Henry Golding as Snake Eyes in Snake Eyes: G.I. Joe Origins (2021)
Henry Golding as Snake Eyes
Henry Golding as Snake Eyes in Snake Eyes: G.I. Joe Origins (2021)
Henry Golding as Snake Eyes in full ninja mode

The director of the show is Robert Schwentke. Schwentke first emerged in his native Germany with the thriller Tattoo (2002) and the black comedy The Family Jewels (2003), before being brought to the US to make the mainstream Jodie Foster thriller Flightplan (2005), the time travel romance The Time Traveler’s Wife (2009), the action film Red (2010), R.I.P.D. (2013) about an afterlife police force and the Young Adult dystopian sequels Insurgent (2015) and Allegiant (2016).

Schwentke abandons the far more comic-bookish approach taken by the first two G.I. Joe films in favour of action that is much grittier and darker in tone. This is a film far more realistically grounded action than the other films – there is none of the gadgetry and super-science devices from the first two films; the most I am stretching to find to include here is the use of The Jewel of the Sun, which proves to be a Magical Artefact capable of power blasts.

The problem the film is lumbered with is that Schwentke is not the best of action directors. In scenes like the battle in the warehouse and the swordfight scenes in a series of narrow Tokyo backstreets, the action is shot with darker lighting than usual. Rather than getting into the midst, Schwentke’s camera simply sits outside the fray observing multiple combatants – and when you have dozens of people fighting at once or in tight quarters and in lighting that is not at room level, it becomes just a blur watching them. Other action directors can get around this with great ease but there is no sense here of the action scenes being staged for maximal kinesis and excitement. The one sequence that does achieve this is a moderately exciting and well-staged one with people fighting along a highway on and around a truck.

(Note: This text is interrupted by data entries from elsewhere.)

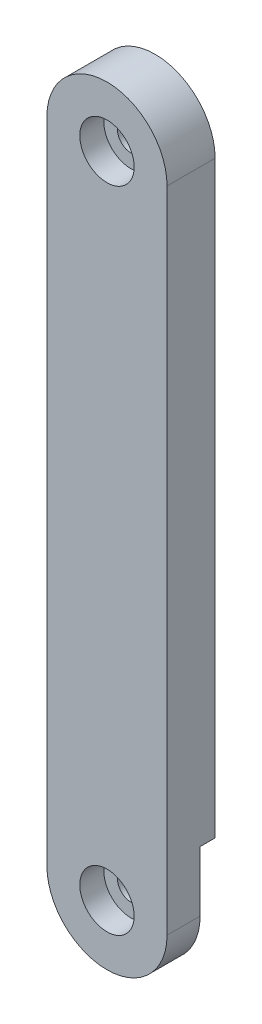
ISO-10303-21;
HEADER;
FILE_DESCRIPTION(('STEP AP214'),'2;1');
FILE_NAME('part.step','',(''),(''),'','','');
FILE_SCHEMA(('AUTOMOTIVE_DESIGN { 1 0 10303 214 1 1 1 1 }'));
ENDSEC;
DATA;
#1=APPLICATION_CONTEXT('core data for automotive mechanical design processes');
#2=APPLICATION_PROTOCOL_DEFINITION('international standard','automotive_design',2000,#1);
#3=PRODUCT_CONTEXT('',#1,'mechanical');
#4=PRODUCT('Part','Part','',(#3));
#5=PRODUCT_RELATED_PRODUCT_CATEGORY('part','',(#4));
#6=PRODUCT_DEFINITION_FORMATION('','',#4);
#7=PRODUCT_DEFINITION_CONTEXT('part definition',#1,'design');
#8=PRODUCT_DEFINITION('design','',#6,#7);
#9=PRODUCT_DEFINITION_SHAPE('','',#8);
#10=(LENGTH_UNIT() NAMED_UNIT(*) SI_UNIT(.MILLI.,.METRE.));
#11=(NAMED_UNIT(*) PLANE_ANGLE_UNIT() SI_UNIT($,.RADIAN.));
#12=(NAMED_UNIT(*) SI_UNIT($,.STERADIAN.) SOLID_ANGLE_UNIT());
#13=UNCERTAINTY_MEASURE_WITH_UNIT(LENGTH_MEASURE(1.E-05),#10,'distance_accuracy_value','');
#14=(GEOMETRIC_REPRESENTATION_CONTEXT(3) GLOBAL_UNCERTAINTY_ASSIGNED_CONTEXT((#13)) GLOBAL_UNIT_ASSIGNED_CONTEXT((#10,
#11,#12)) REPRESENTATION_CONTEXT('',''));
#15=CARTESIAN_POINT('',(0.,0.,0.));
#16=DIRECTION('',(0.,0.,1.));
#17=DIRECTION('',(1.,0.,0.));
#18=AXIS2_PLACEMENT_3D('',#15,#16,#17);
#19=CARTESIAN_POINT('',(0.,0.,0.));
#20=DIRECTION('',(0.,0.,1.));
#21=DIRECTION('',(1.,0.,0.));
#22=AXIS2_PLACEMENT_3D('',#19,#20,#21);
#23=PLANE('',#22);
#24=CARTESIAN_POINT('',(0.,108.,0.));
#25=DIRECTION('',(0.,0.,1.));
#26=DIRECTION('',(1.,0.,0.));
#27=AXIS2_PLACEMENT_3D('',#24,#25,#26);
#28=CIRCLE('',#27,2.25);
#29=CARTESIAN_POINT('',(2.25,108.,0.));
#30=VERTEX_POINT('',#29);
#31=EDGE_CURVE('E193',#30,#30,#28,.T.);
#32=ORIENTED_EDGE('',*,*,#31,.T.);
#33=EDGE_LOOP('',(#32));
#34=FACE_BOUND('',#33,.T.);
#35=CARTESIAN_POINT('',(0.,0.,0.));
#36=DIRECTION('',(0.,0.,1.));
#37=DIRECTION('',(1.,0.,0.));
#38=AXIS2_PLACEMENT_3D('',#35,#36,#37);
#39=CIRCLE('',#38,14.1509716980849);
#40=CARTESIAN_POINT('',(10.,10.0124921972504,0.));
#41=VERTEX_POINT('',#40);
#42=CARTESIAN_POINT('',(7.5,12.,0.));
#43=VERTEX_POINT('',#42);
#44=EDGE_CURVE('E261',#41,#43,#39,.T.);
#45=ORIENTED_EDGE('',*,*,#44,.T.);
#46=DIRECTION('',(0.,1.,0.));
#47=VECTOR('',#46,1.);
#48=CARTESIAN_POINT('',(7.5,12.,0.));
#49=LINE('',#48,#47);
#50=CARTESIAN_POINT('',(7.5,96.,0.));
#51=VERTEX_POINT('',#50);
#52=EDGE_CURVE('E160',#43,#51,#49,.T.);
#53=ORIENTED_EDGE('',*,*,#52,.T.);
#54=CARTESIAN_POINT('',(0.,108.,0.));
#55=DIRECTION('',(0.,0.,-1.));
#56=DIRECTION('',(-1.,0.,0.));
#57=AXIS2_PLACEMENT_3D('',#54,#55,#56);
#58=CIRCLE('',#57,14.1509716980849);
#59=CARTESIAN_POINT('',(-7.49999999999999,96.,0.));
#60=VERTEX_POINT('',#59);
#61=EDGE_CURVE('E264',#51,#60,#58,.T.);
#62=ORIENTED_EDGE('',*,*,#61,.T.);
#63=DIRECTION('',(0.,-1.,0.));
#64=VECTOR('',#63,1.);
#65=CARTESIAN_POINT('',(-7.5,96.,0.));
#66=LINE('',#65,#64);
#67=CARTESIAN_POINT('',(-7.5,12.,0.));
#68=VERTEX_POINT('',#67);
#69=EDGE_CURVE('E145',#60,#68,#66,.T.);
#70=ORIENTED_EDGE('',*,*,#69,.T.);
#71=CARTESIAN_POINT('',(-10.,10.0124921972504,0.));
#72=VERTEX_POINT('',#71);
#73=EDGE_CURVE('E254',#68,#72,#39,.T.);
#74=ORIENTED_EDGE('',*,*,#73,.T.);
#75=DIRECTION('',(0.,-1.,0.));
#76=VECTOR('',#75,1.);
#77=CARTESIAN_POINT('',(-10.,108.,0.));
#78=LINE('',#77,#76);
#79=CARTESIAN_POINT('',(-10.,108.,0.));
#80=VERTEX_POINT('',#79);
#81=EDGE_CURVE('E201',#80,#72,#78,.T.);
#82=ORIENTED_EDGE('',*,*,#81,.F.);
#83=CARTESIAN_POINT('',(0.,108.,0.));
#84=DIRECTION('',(0.,0.,1.));
#85=DIRECTION('',(1.,0.,0.));
#86=AXIS2_PLACEMENT_3D('',#83,#84,#85);
#87=CIRCLE('',#86,10.);
#88=CARTESIAN_POINT('',(10.,108.,0.));
#89=VERTEX_POINT('',#88);
#90=EDGE_CURVE('E88',#89,#80,#87,.T.);
#91=ORIENTED_EDGE('',*,*,#90,.F.);
#92=DIRECTION('',(0.,1.,0.));
#93=VECTOR('',#92,1.);
#94=CARTESIAN_POINT('',(10.,0.,0.));
#95=LINE('',#94,#93);
#96=EDGE_CURVE('E196',#41,#89,#95,.T.);
#97=ORIENTED_EDGE('',*,*,#96,.F.);
#98=EDGE_LOOP('',(#45,#53,#62,#70,#74,#82,#91,#97));
#99=FACE_BOUND('',#98,.T.);
#100=ADVANCED_FACE('F44',(#34,#99),#23,.F.);
#101=CARTESIAN_POINT('',(10.,0.,8.));
#102=DIRECTION('',(-1.,0.,0.));
#103=DIRECTION('',(0.,0.,1.));
#104=AXIS2_PLACEMENT_3D('',#101,#102,#103);
#105=PLANE('',#104);
#106=DIRECTION('',(0.,0.,-1.));
#107=VECTOR('',#106,1.);
#108=CARTESIAN_POINT('',(10.,10.0124921972504,2.5));
#109=LINE('',#108,#107);
#110=CARTESIAN_POINT('',(10.,10.0124921972504,2.5));
#111=VERTEX_POINT('',#110);
#112=EDGE_CURVE('E137',#41,#111,#109,.F.);
#113=ORIENTED_EDGE('',*,*,#112,.F.);
#114=ORIENTED_EDGE('',*,*,#96,.T.);
#115=DIRECTION('',(0.,0.,-1.));
#116=VECTOR('',#115,1.);
#117=CARTESIAN_POINT('',(10.,108.,8.));
#118=LINE('',#117,#116);
#119=CARTESIAN_POINT('',(10.,108.,8.));
#120=VERTEX_POINT('',#119);
#121=EDGE_CURVE('E223',#120,#89,#118,.T.);
#122=ORIENTED_EDGE('',*,*,#121,.F.);
#123=DIRECTION('',(0.,1.,0.));
#124=VECTOR('',#123,1.);
#125=CARTESIAN_POINT('',(10.,0.,8.));
#126=LINE('',#125,#124);
#127=CARTESIAN_POINT('',(10.,0.,8.));
#128=VERTEX_POINT('',#127);
#129=EDGE_CURVE('E94',#128,#120,#126,.T.);
#130=ORIENTED_EDGE('',*,*,#129,.F.);
#131=DIRECTION('',(0.,0.,-1.));
#132=VECTOR('',#131,1.);
#133=CARTESIAN_POINT('',(10.,0.,8.));
#134=LINE('',#133,#132);
#135=CARTESIAN_POINT('',(10.,0.,2.5));
#136=VERTEX_POINT('',#135);
#137=EDGE_CURVE('E229',#128,#136,#134,.T.);
#138=ORIENTED_EDGE('',*,*,#137,.T.);
#139=DIRECTION('',(0.,1.,0.));
#140=VECTOR('',#139,1.);
#141=CARTESIAN_POINT('',(10.,0.,2.5));
#142=LINE('',#141,#140);
#143=EDGE_CURVE('E162',#136,#111,#142,.T.);
#144=ORIENTED_EDGE('',*,*,#143,.T.);
#145=EDGE_LOOP('',(#113,#114,#122,#130,#138,#144));
#146=FACE_BOUND('',#145,.T.);
#147=ADVANCED_FACE('F246',(#146),#105,.F.);
#148=CARTESIAN_POINT('',(-10.,108.,8.));
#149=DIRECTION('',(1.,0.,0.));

Beyond its action scenes, Snake Eyes feels like little more than an assemblage of cliches from the action and martial arts film. This runs the gamut from Snake Eyes’ origin seeking revenge for a murdered parent to the martial arts training sequence (that requires mastering a Zen way of obliquely approaching a problem, which has a crashingly obvious solution) to the predictable reversals of friendships/rivalries that come at the end. (The end also requires an almost impossible to believe twist that has someone who enters an organisation as an infiltrator to steal the jewel is proclaimed its successor over its natural born heir who is rejected for the infraction of trying to protect the family).